9. The method according to claim 6, comprising following steps:

(1) adding solvent A to a reactor, and adding terminal alkenylamine B, polyhydroxyaldehyde C, and acid catalyst D in sequence, adjusting the reactor to 70° C. to 120° C., stirring uniformly and reacting for 1 h to 12 h, adjusting the reactor to 60° C. to 120° C., adding phosphorus-containing composition E, stirring for 1 h to 12 h, and finishing reaction, and removing the solvent by vacuum to obtain an intermediate mixture; and

(2) radical polymerizing whole intermediate mixture prepared in step (1) with the unsaturated carboxylic acid F and the unsaturated polyether G in aqueous solution under 0° C. to 90° C. to prepare the multi-functional group superplasticizer.

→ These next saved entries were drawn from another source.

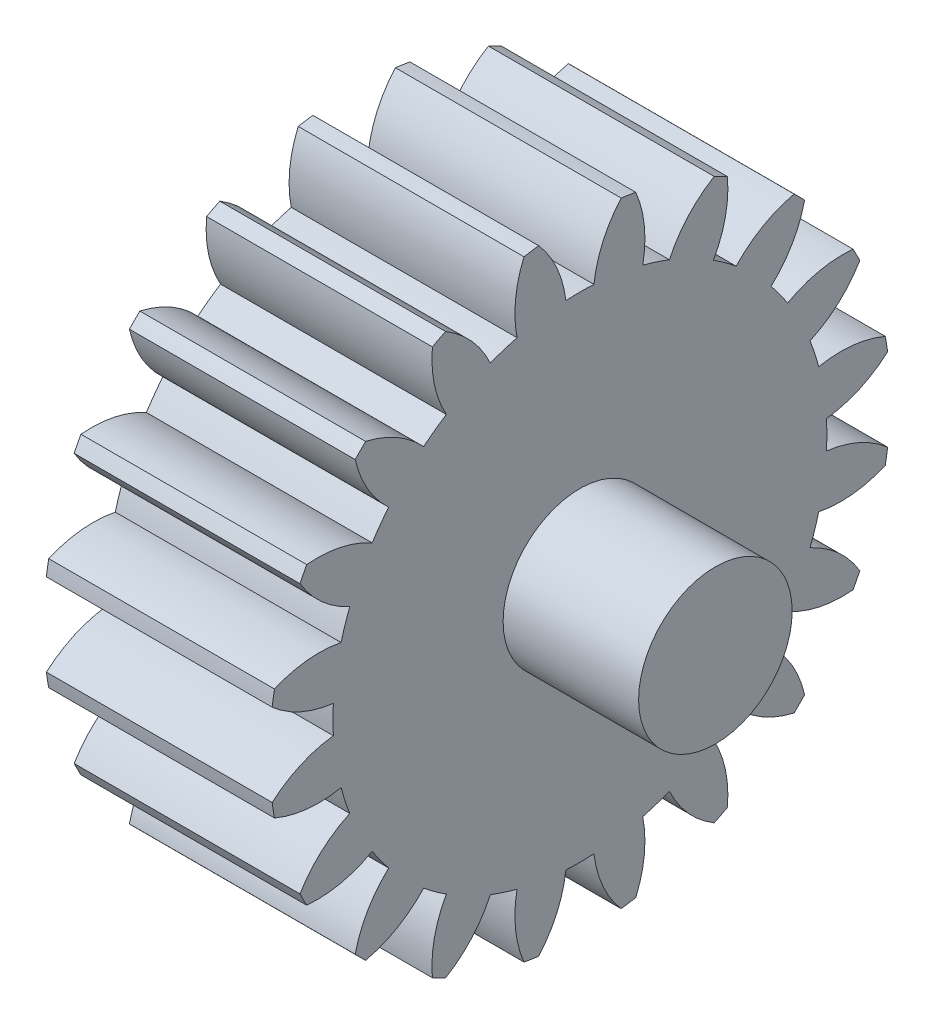
from build123d import *

# Parameters (mm, degrees)
BASPROSKE_W         = 10
BASPROSKE_H         = 13.75
TOOTHCUT_DEPTH      = 22.866069606
TEETHCUTS_COUNT     = 20
TEETHCUTS_ANGLE     = 342
BORSKE_R            = 2
BORE_DEPTH          = 50.0000508
SKETCH2_R           = 2
BOSS_EXTRUDE1_DEPTH = 10
SKETCH3_R           = 3.4
BOSS_EXTRUDE2_DEPTH = 6


with BuildPart() as part:
    # BasProSke → Base-Revolve (revolve)
    with BuildSketch(Plane(origin=(0, 0, 0), x_dir=(1, 0, 0), z_dir=(0, 1, 0)), mode=Mode.PRIVATE) as base_revolve_sk:
        with Locations((5, 6.875)):
            Rectangle(BASPROSKE_W, BASPROSKE_H)
    revolve(base_revolve_sk.sketch.rotate(Axis((-10, 0, 0), (1, 0, 0)), 180), axis=Axis((-10, 0, 0), (1, 0, 0)))

    # TooCutSke → ToothCut (cut, through all)
    with BuildSketch(Plane(origin=(0, 0, 0), x_dir=(0, 0, -1), z_dir=(1, 0, 0))):
        with BuildLine():
            ThreePointArc((0.62110296, 10.918848994), (0, 10.9365), (-0.62110296, 10.918848994))
            ThreePointArc((-0.62110296, 10.918848994), (-1.024517052, 12.378857135), (-1.846615859, 13.651067908))
            ThreePointArc((-1.846615859, 13.651067908), (0, 13.7754), (1.846615859, 13.651067908))
            ThreePointArc((1.846615859, 13.651067908), (1.024517052, 12.378857135), (0.62110296, 10.918848994))
        make_face()
    toothcut = extrude(amount=TOOTHCUT_DEPTH, mode=Mode.SUBTRACT)

    # TeethCuts: ToothCut ×20 about axis
    teethcuts_axis = Axis((-10, 0, 0), (1, 0, 0))
    for i in range(1, TEETHCUTS_COUNT):
        add(toothcut.rotate(teethcuts_axis, i * TEETHCUTS_ANGLE / (TEETHCUTS_COUNT - 1)), mode=Mode.SUBTRACT)

    # BorSke → Bore (cut, symmetric)
    with BuildSketch(Plane(origin=(0, 0, 0), x_dir=(0, 0, -1), z_dir=(1, 0, 0))):
        with Locations(Location((0, 0, 0), (0, 0, 180))):
            Circle(BORSKE_R)
    extrude(amount=BORE_DEPTH, both=True, mode=Mode.SUBTRACT)

    # Sketch2 → Boss-Extrude1 (add)
    with BuildSketch(Plane(origin=(10, 0, 0), x_dir=(0, 0, -1), z_dir=(1, 0, 0))):
        Circle(SKETCH2_R)
    extrude(amount=-BOSS_EXTRUDE1_DEPTH)

    # Sketch3 → Boss-Extrude2 (add)
    with BuildSketch(Plane(origin=(10, 0, 0), x_dir=(0, 0, -1), z_dir=(1, 0, 0))):
        with Locations(Location((0, 0, 0), (0, 0, 180))):
            Circle(SKETCH3_R)
    extrude(amount=BOSS_EXTRUDE2_DEPTH)


solid = part.part

10. The method according to claim 9, whereinin an effective reactant in step (1) accounts for 50 to 90% of the total mass of the system, and the effective reactant comprises terminal alkenylamine B, polyhydroxyaldehyde C and phosphorous-containing composition E.

11. The method according to claim 9, whereinin a concentration of the effective reactant in step (2) is 30 wt% to 80 wt%, and the effective reactant is a sum of the intermediate mixture, the polyether G and the unsaturated carboxylic acid F.